Start of Block
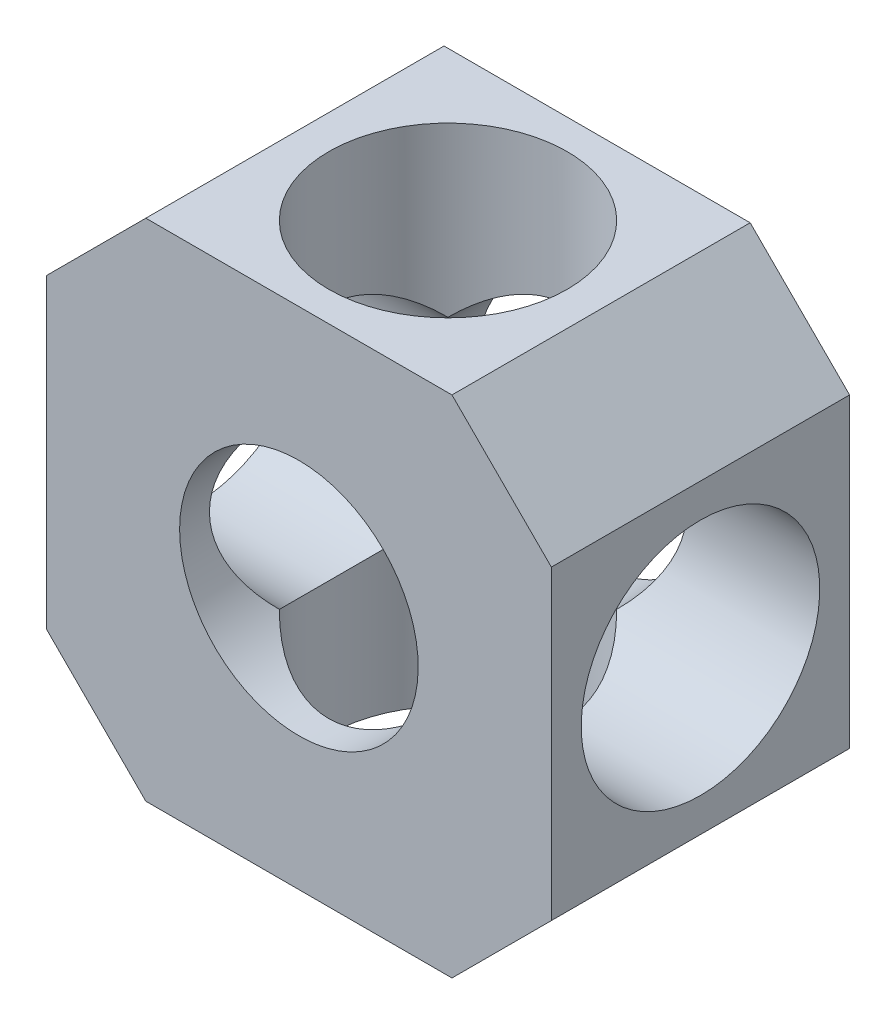
ISO-10303-21;
HEADER;
FILE_DESCRIPTION(('STEP AP214'),'2;1');
FILE_NAME('part.step','',(''),(''),'','','');
FILE_SCHEMA(('AUTOMOTIVE_DESIGN { 1 0 10303 214 1 1 1 1 }'));
ENDSEC;
DATA;
#1=APPLICATION_CONTEXT('core data for automotive mechanical design processes');
#2=APPLICATION_PROTOCOL_DEFINITION('international standard','automotive_design',2000,#1);
#3=PRODUCT_CONTEXT('',#1,'mechanical');
#4=PRODUCT('Part','Part','',(#3));
#5=PRODUCT_RELATED_PRODUCT_CATEGORY('part','',(#4));
#6=PRODUCT_DEFINITION_FORMATION('','',#4);
#7=PRODUCT_DEFINITION_CONTEXT('part definition',#1,'design');
#8=PRODUCT_DEFINITION('design','',#6,#7);
#9=PRODUCT_DEFINITION_SHAPE('','',#8);
#10=(LENGTH_UNIT() NAMED_UNIT(*) SI_UNIT(.MILLI.,.METRE.));
#11=(NAMED_UNIT(*) PLANE_ANGLE_UNIT() SI_UNIT($,.RADIAN.));
#12=(NAMED_UNIT(*) SI_UNIT($,.STERADIAN.) SOLID_ANGLE_UNIT());
#13=UNCERTAINTY_MEASURE_WITH_UNIT(LENGTH_MEASURE(1.E-05),#10,'distance_accuracy_value','');
#14=(GEOMETRIC_REPRESENTATION_CONTEXT(3) GLOBAL_UNCERTAINTY_ASSIGNED_CONTEXT((#13)) GLOBAL_UNIT_ASSIGNED_CONTEXT((#10,
#11,#12)) REPRESENTATION_CONTEXT('',''));
#15=CARTESIAN_POINT('',(0.,0.,0.));
#16=DIRECTION('',(0.,0.,1.));
#17=DIRECTION('',(1.,0.,0.));
#18=AXIS2_PLACEMENT_3D('',#15,#16,#17);
#19=CARTESIAN_POINT('',(0.,0.,-7.5));
#20=DIRECTION('',(0.,0.,1.));
#21=DIRECTION('',(1.,0.,0.));
#22=AXIS2_PLACEMENT_3D('',#19,#20,#21);
#23=CYLINDRICAL_SURFACE('',#22,6.);
#24=CARTESIAN_POINT('',(0.,0.,7.5));
#25=DIRECTION('',(0.,0.,-1.));
#26=DIRECTION('',(-1.,0.,0.));
#27=AXIS2_PLACEMENT_3D('',#24,#25,#26);
#28=CIRCLE('',#27,6.);
#29=CARTESIAN_POINT('',(-6.,0.,7.5));
#30=VERTEX_POINT('',#29);
#31=EDGE_CURVE('E182',#30,#30,#28,.T.);
#32=ORIENTED_EDGE('',*,*,#31,.F.);
#33=EDGE_LOOP('',(#32));
#34=FACE_BOUND('',#33,.T.);
#35=CARTESIAN_POINT('',(0.,0.,0.));
#36=DIRECTION('',(0.707106781186547,0.,0.707106781186548));
#37=DIRECTION('',(-0.707106781186547,0.,0.707106781186548));
#38=AXIS2_PLACEMENT_3D('',#35,#36,#37);
#39=ELLIPSE('',#38,8.48528137423857,6.);
#40=CARTESIAN_POINT('',(-4.24264068711931,-4.24264068711927,4.2426406871193));
#41=VERTEX_POINT('',#40);
#42=CARTESIAN_POINT('',(-4.24264068711926,4.2426406871193,4.24264068711927));
#43=VERTEX_POINT('',#42);
#44=EDGE_CURVE('E137',#41,#43,#39,.F.);
#45=ORIENTED_EDGE('',*,*,#44,.T.);
#46=CARTESIAN_POINT('',(0.,0.,0.));
#47=DIRECTION('',(0.,-0.707106781186547,0.707106781186547));
#48=DIRECTION('',(0.,0.707106781186547,0.707106781186547));
#49=AXIS2_PLACEMENT_3D('',#46,#47,#48);
#50=ELLIPSE('',#49,8.48528137423857,6.);
#51=CARTESIAN_POINT('',(4.24264068711931,4.24264068711927,4.2426406871193));
#52=VERTEX_POINT('',#51);
#53=EDGE_CURVE('E171',#43,#52,#50,.F.);
#54=ORIENTED_EDGE('',*,*,#53,.T.);
#55=CARTESIAN_POINT('',(0.,0.,0.));
#56=DIRECTION('',(-0.707106781186547,0.,0.707106781186548));
#57=DIRECTION('',(0.707106781186547,0.,0.707106781186548));
#58=AXIS2_PLACEMENT_3D('',#55,#56,#57);
#59=ELLIPSE('',#58,8.48528137423857,6.);
#60=CARTESIAN_POINT('',(4.24264068711928,-4.24264068711929,4.24264068711928));
#61=VERTEX_POINT('',#60);
#62=EDGE_CURVE('E139',#52,#61,#59,.F.);
#63=ORIENTED_EDGE('',*,*,#62,.T.);
#64=CARTESIAN_POINT('',(0.,0.,0.));
#65=DIRECTION('',(0.,0.707106781186547,0.707106781186547));
#66=DIRECTION('',(0.,-0.707106781186547,0.707106781186547));
#67=AXIS2_PLACEMENT_3D('',#64,#65,#66);
#68=ELLIPSE('',#67,8.48528137423857,6.);
#69=EDGE_CURVE('E52',#61,#41,#68,.F.);
#70=ORIENTED_EDGE('',*,*,#69,.T.);
#71=EDGE_LOOP('',(#45,#54,#63,#70));
#72=FACE_BOUND('',#71,.T.);
#73=ADVANCED_FACE('F36',(#34,#72),#23,.F.);
#74=CARTESIAN_POINT('',(-12.7,12.7,7.5));
#75=DIRECTION('',(1.,0.,0.));
#76=DIRECTION('',(0.,1.,0.));
#77=AXIS2_PLACEMENT_3D('',#74,#75,#76);
#78=PLANE('',#77);
#79=CARTESIAN_POINT('',(-12.7,0.,0.));
#80=DIRECTION('',(1.,0.,0.));
#81=DIRECTION('',(0.,1.,0.));
#82=AXIS2_PLACEMENT_3D('',#79,#80,#81);
#83=CIRCLE('',#82,6.);
#84=CARTESIAN_POINT('',(-12.7,6.,0.));
#85=VERTEX_POINT('',#84);
#86=EDGE_CURVE('E176',#85,#85,#83,.T.);
#87=ORIENTED_EDGE('',*,*,#86,.T.);
#88=EDGE_LOOP('',(#87));
#89=FACE_BOUND('',#88,.T.);
#90=DIRECTION('',(0.,-1.,0.));
#91=VECTOR('',#90,1.);
#92=CARTESIAN_POINT('',(-12.7,12.7,-7.5));
#93=LINE('',#92,#91);
#94=CARTESIAN_POINT('',(-12.7,7.69999999999997,-7.5));
#95=VERTEX_POINT('',#94);
#96=CARTESIAN_POINT('',(-12.7,-7.69999999999999,-7.5));
#97=VERTEX_POINT('',#96);
#98=EDGE_CURVE('E185',#95,#97,#93,.T.);
#99=ORIENTED_EDGE('',*,*,#98,.T.);
#100=DIRECTION('',(0.,0.,1.));
#101=VECTOR('',#100,1.);
#102=CARTESIAN_POINT('',(-12.7,-7.69999999999999,7.5));
#103=LINE('',#102,#101);
#104=CARTESIAN_POINT('',(-12.7,-7.69999999999999,7.5));
#105=VERTEX_POINT('',#104);
#106=EDGE_CURVE('E225',#97,#105,#103,.T.);
#107=ORIENTED_EDGE('',*,*,#106,.T.);
#108=DIRECTION('',(0.,-1.,0.));
#109=VECTOR('',#108,1.);
#110=CARTESIAN_POINT('',(-12.7,12.7,7.5));
#111=LINE('',#110,#109);
#112=CARTESIAN_POINT('',(-12.7,7.69999999999997,7.5));
#113=VERTEX_POINT('',#112);
#114=EDGE_CURVE('E186',#113,#105,#111,.T.);
#115=ORIENTED_EDGE('',*,*,#114,.F.);
#116=DIRECTION('',(0.,0.,-1.));
#117=VECTOR('',#116,1.);
#118=CARTESIAN_POINT('',(-12.7,7.69999999999997,7.5));
#119=LINE('',#118,#117);
#120=EDGE_CURVE('E222',#113,#95,#119,.T.);
#121=ORIENTED_EDGE('',*,*,#120,.T.);
#122=EDGE_LOOP('',(#99,#107,#115,#121));
#123=FACE_BOUND('',#122,.T.);
#124=ADVANCED_FACE('F259',(#89,#123),#78,.F.);
#125=CARTESIAN_POINT('',(12.7,-12.7,7.5));
#126=DIRECTION('',(0.,1.,0.));
#127=DIRECTION('',(-1.,0.,0.));
#128=AXIS2_PLACEMENT_3D('',#125,#126,#127);
#129=PLANE('',#128);
#130=CARTESIAN_POINT('',(0.,-12.7,0.));
#131=DIRECTION('',(0.,1.,0.));
#132=DIRECTION('',(-1.,0.,0.));
#133=AXIS2_PLACEMENT_3D('',#130,#131,#132);
#134=CIRCLE('',#133,6.);
#135=CARTESIAN_POINT('',(-6.00000000000004,-12.7,0.));
#136=VERTEX_POINT('',#135);
#137=EDGE_CURVE('E140',#136,#136,#134,.T.);
#138=ORIENTED_EDGE('',*,*,#137,.T.);
#139=EDGE_LOOP('',(#138));
#140=FACE_BOUND('',#139,.T.);
#141=DIRECTION('',(1.,0.,0.));
#142=VECTOR('',#141,1.);
#143=CARTESIAN_POINT('',(12.7,-12.7,7.5));
#144=LINE('',#143,#142);
#145=CARTESIAN_POINT('',(-7.69999999999997,-12.7,7.5));
#146=VERTEX_POINT('',#145);
#147=CARTESIAN_POINT('',(7.69999999999999,-12.7,7.5));
#148=VERTEX_POINT('',#147);
#149=EDGE_CURVE('E189',#146,#148,#144,.T.);
#150=ORIENTED_EDGE('',*,*,#149,.F.);
#151=DIRECTION('',(0.,0.,-1.));
#152=VECTOR('',#151,1.);
#153=CARTESIAN_POINT('',(-7.69999999999997,-12.7,7.5));
#154=LINE('',#153,#152);
#155=CARTESIAN_POINT('',(-7.69999999999997,-12.7,-7.5));
#156=VERTEX_POINT('',#155);
#157=EDGE_CURVE('E211',#146,#156,#154,.T.);
#158=ORIENTED_EDGE('',*,*,#157,.T.);
#159=DIRECTION('',(1.,0.,0.));
#160=VECTOR('',#159,1.);
#161=CARTESIAN_POINT('',(12.7,-12.7,-7.5));
#162=LINE('',#161,#160);
#163=CARTESIAN_POINT('',(7.69999999999999,-12.7,-7.5));
#164=VERTEX_POINT('',#163);
#165=EDGE_CURVE('E202',#156,#164,#162,.T.);
#166=ORIENTED_EDGE('',*,*,#165,.T.);
#167=DIRECTION('',(0.,0.,1.));
#168=VECTOR('',#167,1.);
#169=CARTESIAN_POINT('',(7.69999999999999,-12.7,7.5));
#170=LINE('',#169,#168);
#171=EDGE_CURVE('E199',#164,#148,#170,.T.);
#172=ORIENTED_EDGE('',*,*,#171,.T.);
#173=EDGE_LOOP('',(#150,#158,#166,#172));
#174=FACE_BOUND('',#173,.T.);
#175=ADVANCED_FACE('F269',(#140,#174),#129,.F.);
#176=CARTESIAN_POINT('',(12.7,12.7,7.5));
#177=DIRECTION('',(-1.,0.,0.));
#178=DIRECTION('',(0.,-1.,0.));
#179=AXIS2_PLACEMENT_3D('',#176,#177,#178);
#180=PLANE('',#179);
#181=CARTESIAN_POINT('',(12.7,0.,0.));
#182=DIRECTION('',(-1.,0.,0.));
#183=DIRECTION('',(0.,-1.,0.));
#184=AXIS2_PLACEMENT_3D('',#181,#182,#183);
#185=CIRCLE('',#184,6.);
#186=CARTESIAN_POINT('',(12.7,-6.,0.));
#187=VERTEX_POINT('',#186);
#188=EDGE_CURVE('E173',#187,#187,#185,.T.);
#189=ORIENTED_EDGE('',*,*,#188,.T.);
#190=EDGE_LOOP('',(#189));
#191=FACE_BOUND('',#190,.T.);
#192=DIRECTION('',(0.,1.,0.));
#193=VECTOR('',#192,1.);
#194=CARTESIAN_POINT('',(12.7,12.7,7.5));
#195=LINE('',#194,#193);
#196=CARTESIAN_POINT('',(12.7,-7.69999999999999,7.5));
#197=VERTEX_POINT('',#196);
#198=CARTESIAN_POINT('',(12.7,7.69999999999999,7.5));
#199=VERTEX_POINT('',#198);
#200=EDGE_CURVE('E193',#197,#199,#195,.T.);
#201=ORIENTED_EDGE('',*,*,#200,.F.);
#202=DIRECTION('',(0.,0.,-1.));
#203=VECTOR('',#202,1.);
#204=CARTESIAN_POINT('',(12.7,-7.69999999999999,7.5));
#205=LINE('',#204,#203);
#206=CARTESIAN_POINT('',(12.7,-7.69999999999999,-7.5));
#207=VERTEX_POINT('',#206);
#208=EDGE_CURVE('E237',#197,#207,#205,.T.);
#209=ORIENTED_EDGE('',*,*,#208,.T.);
#210=DIRECTION('',(0.,1.,0.));
#211=VECTOR('',#210,1.);
#212=CARTESIAN_POINT('',(12.7,12.7,-7.5));
#213=LINE('',#212,#211);
#214=CARTESIAN_POINT('',(12.7,7.69999999999999,-7.5));
#215=VERTEX_POINT('',#214);
#216=EDGE_CURVE('E205',#207,#215,#213,.T.);
#217=ORIENTED_EDGE('',*,*,#216,.T.);
#218=DIRECTION('',(0.,0.,1.));
#219=VECTOR('',#218,1.);
#220=CARTESIAN_POINT('',(12.7,7.69999999999999,7.5));
#221=LINE('',#220,#219);
#222=EDGE_CURVE('E235',#215,#199,#221,.T.);
#223=ORIENTED_EDGE('',*,*,#222,.T.);
#224=EDGE_LOOP('',(#201,#209,#217,#223));
#225=FACE_BOUND('',#224,.T.);
#226=ADVANCED_FACE('F277',(#191,#225),#180,.F.);
#227=CARTESIAN_POINT('',(12.7,12.7,7.5));
#228=DIRECTION('',(0.,-1.,0.));
#229=DIRECTION('',(1.,0.,0.));
#230=AXIS2_PLACEMENT_3D('',#227,#228,#229);
#231=PLANE('',#230);
#232=CARTESIAN_POINT('',(0.,12.7,0.));
#233=DIRECTION('',(0.,-1.,0.));
#234=DIRECTION('',(1.,0.,0.));
#235=AXIS2_PLACEMENT_3D('',#232,#233,#234);
#236=CIRCLE('',#235,6.);
#237=CARTESIAN_POINT('',(6.00000000000004,12.7,0.));
#238=VERTEX_POINT('',#237);
#239=EDGE_CURVE('E168',#238,#238,#236,.T.);
#240=ORIENTED_EDGE('',*,*,#239,.T.);
#241=EDGE_LOOP('',(#240));
#242=FACE_BOUND('',#241,.T.);
#243=DIRECTION('',(-1.,0.,0.));
#244=VECTOR('',#243,1.);
#245=CARTESIAN_POINT('',(12.7,12.7,-7.5));
#246=LINE('',#245,#244);
#247=CARTESIAN_POINT('',(7.69999999999999,12.7,-7.5));
#248=VERTEX_POINT('',#247);
#249=CARTESIAN_POINT('',(-7.69999999999998,12.7,-7.5));
#250=VERTEX_POINT('',#249);
#251=EDGE_CURVE('E190',#248,#250,#246,.T.);
#252=ORIENTED_EDGE('',*,*,#251,.T.);
#253=DIRECTION('',(0.,0.,1.));
#254=VECTOR('',#253,1.);
#255=CARTESIAN_POINT('',(-7.69999999999998,12.7,7.5));
#256=LINE('',#255,#254);
#257=CARTESIAN_POINT('',(-7.69999999999998,12.7,7.5));
#258=VERTEX_POINT('',#257);
#259=EDGE_CURVE('E146',#250,#258,#256,.T.);
#260=ORIENTED_EDGE('',*,*,#259,.T.);
#261=DIRECTION('',(-1.,0.,0.));
#262=VECTOR('',#261,1.);
#263=CARTESIAN_POINT('',(12.7,12.7,7.5));
#264=LINE('',#263,#262);
#265=CARTESIAN_POINT('',(7.69999999999999,12.7,7.5));
#266=VERTEX_POINT('',#265);
#267=EDGE_CURVE('E196',#266,#258,#264,.T.);
#268=ORIENTED_EDGE('',*,*,#267,.F.);
#269=DIRECTION('',(0.,0.,-1.));
#270=VECTOR('',#269,1.);
#271=CARTESIAN_POINT('',(7.69999999999999,12.7,7.5));
#272=LINE('',#271,#270);
#273=EDGE_CURVE('E151',#266,#248,#272,.T.);
#274=ORIENTED_EDGE('',*,*,#273,.T.);
#275=EDGE_LOOP('',(#252,#260,#268,#274));
#276=FACE_BOUND('',#275,.T.);
#277=ADVANCED_FACE('F244',(#242,#276),#231,.F.);
#278=CARTESIAN_POINT('',(0.,0.,7.5));
#279=DIRECTION('',(0.,0.,-1.));
#280=DIRECTION('',(-1.,0.,0.));
#281=AXIS2_PLACEMENT_3D('',#278,#279,#280);
#282=PLANE('',#281);
#283=ORIENTED_EDGE('',*,*,#31,.T.);
#284=EDGE_LOOP('',(#283));
#285=FACE_BOUND('',#284,.T.);
#286=ORIENTED_EDGE('',*,*,#114,.T.);
#287=DIRECTION('',(-0.707106781186549,0.707106781186547,0.));
#288=VECTOR('',#287,1.);
#289=CARTESIAN_POINT('',(-7.69999999999997,-12.7,7.5));
#290=LINE('',#289,#288);
#291=EDGE_CURVE('E233',#105,#146,#290,.F.);
#292=ORIENTED_EDGE('',*,*,#291,.T.);
#293=ORIENTED_EDGE('',*,*,#149,.T.);
#294=DIRECTION('',(-0.707106781186548,-0.707106781186547,0.));
#295=VECTOR('',#294,1.);
#296=CARTESIAN_POINT('',(12.7,-7.69999999999999,7.5));
#297=LINE('',#296,#295);
#298=EDGE_CURVE('E231',#148,#197,#297,.F.);
#299=ORIENTED_EDGE('',*,*,#298,.T.);
#300=ORIENTED_EDGE('',*,*,#200,.T.);
#301=DIRECTION('',(0.707106781186547,-0.707106781186548,0.));
#302=VECTOR('',#301,1.);
#303=CARTESIAN_POINT('',(7.69999999999999,12.7,7.5));
#304=LINE('',#303,#302);
#305=EDGE_CURVE('E227',#199,#266,#304,.F.);
#306=ORIENTED_EDGE('',*,*,#305,.T.);
#307=ORIENTED_EDGE('',*,*,#267,.T.);
#308=DIRECTION('',(0.707106781186547,0.707106781186548,0.));
#309=VECTOR('',#308,1.);
#310=CARTESIAN_POINT('',(-12.7,7.69999999999997,7.5));
#311=LINE('',#310,#309);
#312=EDGE_CURVE('E229',#258,#113,#311,.F.);
#313=ORIENTED_EDGE('',*,*,#312,.T.);
#314=EDGE_LOOP('',(#286,#292,#293,#299,#300,#306,#307,#313));
#315=FACE_BOUND('',#314,.T.);
#316=ADVANCED_FACE('F263',(#285,#315),#282,.F.);
#317=CARTESIAN_POINT('',(0.,0.,-7.5));
#318=DIRECTION('',(0.,0.,-1.));
#319=DIRECTION('',(-1.,0.,0.));
#320=AXIS2_PLACEMENT_3D('',#317,#318,#319);
#321=PLANE('',#320);
#322=CARTESIAN_POINT('',(0.,0.,-7.5));
#323=DIRECTION('',(0.,0.,1.));
#324=DIRECTION('',(1.,0.,0.));
#325=AXIS2_PLACEMENT_3D('',#322,#323,#324);
#326=CIRCLE('',#325,6.);
#327=CARTESIAN_POINT('',(6.,0.,-7.5));
#328=VERTEX_POINT('',#327);
#329=EDGE_CURVE('E179',#328,#328,#326,.T.);
#330=ORIENTED_EDGE('',*,*,#329,.T.);
#331=EDGE_LOOP('',(#330));
#332=FACE_BOUND('',#331,.T.);
#333=ORIENTED_EDGE('',*,*,#165,.F.);
#334=DIRECTION('',(0.707106781186549,-0.707106781186547,0.));
#335=VECTOR('',#334,1.);
#336=CARTESIAN_POINT('',(-10.2,-10.2,-7.5));
#337=LINE('',#336,#335);
#338=EDGE_CURVE('E220',#156,#97,#337,.F.);
#339=ORIENTED_EDGE('',*,*,#338,.T.);
#340=ORIENTED_EDGE('',*,*,#98,.F.);
#341=DIRECTION('',(-0.707106781186547,-0.707106781186548,0.));
#342=VECTOR('',#341,1.);
#343=CARTESIAN_POINT('',(-10.2,10.2,-7.5));
#344=LINE('',#343,#342);
#345=EDGE_CURVE('E216',#95,#250,#344,.F.);
#346=ORIENTED_EDGE('',*,*,#345,.T.);
#347=ORIENTED_EDGE('',*,*,#251,.F.);
#348=DIRECTION('',(-0.707106781186547,0.707106781186548,0.));
#349=VECTOR('',#348,1.);
#350=CARTESIAN_POINT('',(10.2,10.2,-7.5));
#351=LINE('',#350,#349);
#352=EDGE_CURVE('E214',#248,#215,#351,.F.);
#353=ORIENTED_EDGE('',*,*,#352,.T.);
#354=ORIENTED_EDGE('',*,*,#216,.F.);
#355=DIRECTION('',(0.707106781186548,0.707106781186547,0.));
#356=VECTOR('',#355,1.);
#357=CARTESIAN_POINT('',(10.2,-10.2,-7.5));
#358=LINE('',#357,#356);
#359=EDGE_CURVE('E218',#207,#164,#358,.F.);
#360=ORIENTED_EDGE('',*,*,#359,.T.);
#361=EDGE_LOOP('',(#333,#339,#340,#346,#347,#353,#354,#360));
#362=FACE_BOUND('',#361,.T.);
#363=ADVANCED_FACE('F250',(#332,#362),#321,.T.);
#364=CARTESIAN_POINT('',(-7.69999999999997,-12.7,7.5));
#365=DIRECTION('',(0.707106781186547,0.707106781186549,0.));
#366=DIRECTION('',(0.,0.,-1.));
#367=AXIS2_PLACEMENT_3D('',#364,#365,#366);
#368=PLANE('',#367);
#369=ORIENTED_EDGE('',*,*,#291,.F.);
End of Block
=== EXERCISE REQUIREMENTS ===
Extract the lines of the preceding material that run from the line with "#273=EDGE_CURVE('E151',#266,#248,#272,.T.);" through the line with "#300=ORIENTED_EDGE('',*,*,#200,.T.);", inclusive, reproducing them exactly and adding nothing.

=== THE ANSWER ===
#273=EDGE_CURVE('E151',#266,#248,#272,.T.);
#274=ORIENTED_EDGE('',*,*,#273,.T.);
#275=EDGE_LOOP('',(#252,#260,#268,#274));
#276=FACE_BOUND('',#275,.T.);
#277=ADVANCED_FACE('F244',(#242,#276),#231,.F.);
#278=CARTESIAN_POINT('',(0.,0.,7.5));
#279=DIRECTION('',(0.,0.,-1.));
#280=DIRECTION('',(-1.,0.,0.));
#281=AXIS2_PLACEMENT_3D('',#278,#279,#280);
#282=PLANE('',#281);
#283=ORIENTED_EDGE('',*,*,#31,.T.);
#284=EDGE_LOOP('',(#283));
#285=FACE_BOUND('',#284,.T.);
#286=ORIENTED_EDGE('',*,*,#114,.T.);
#287=DIRECTION('',(-0.707106781186549,0.707106781186547,0.));
#288=VECTOR('',#287,1.);
#289=CARTESIAN_POINT('',(-7.69999999999997,-12.7,7.5));
#290=LINE('',#289,#288);
#291=EDGE_CURVE('E233',#105,#146,#290,.F.);
#292=ORIENTED_EDGE('',*,*,#291,.T.);
#293=ORIENTED_EDGE('',*,*,#149,.T.);
#294=DIRECTION('',(-0.707106781186548,-0.707106781186547,0.));
#295=VECTOR('',#294,1.);
#296=CARTESIAN_POINT('',(12.7,-7.69999999999999,7.5));
#297=LINE('',#296,#295);
#298=EDGE_CURVE('E231',#148,#197,#297,.F.);
#299=ORIENTED_EDGE('',*,*,#298,.T.);
#300=ORIENTED_EDGE('',*,*,#200,.T.);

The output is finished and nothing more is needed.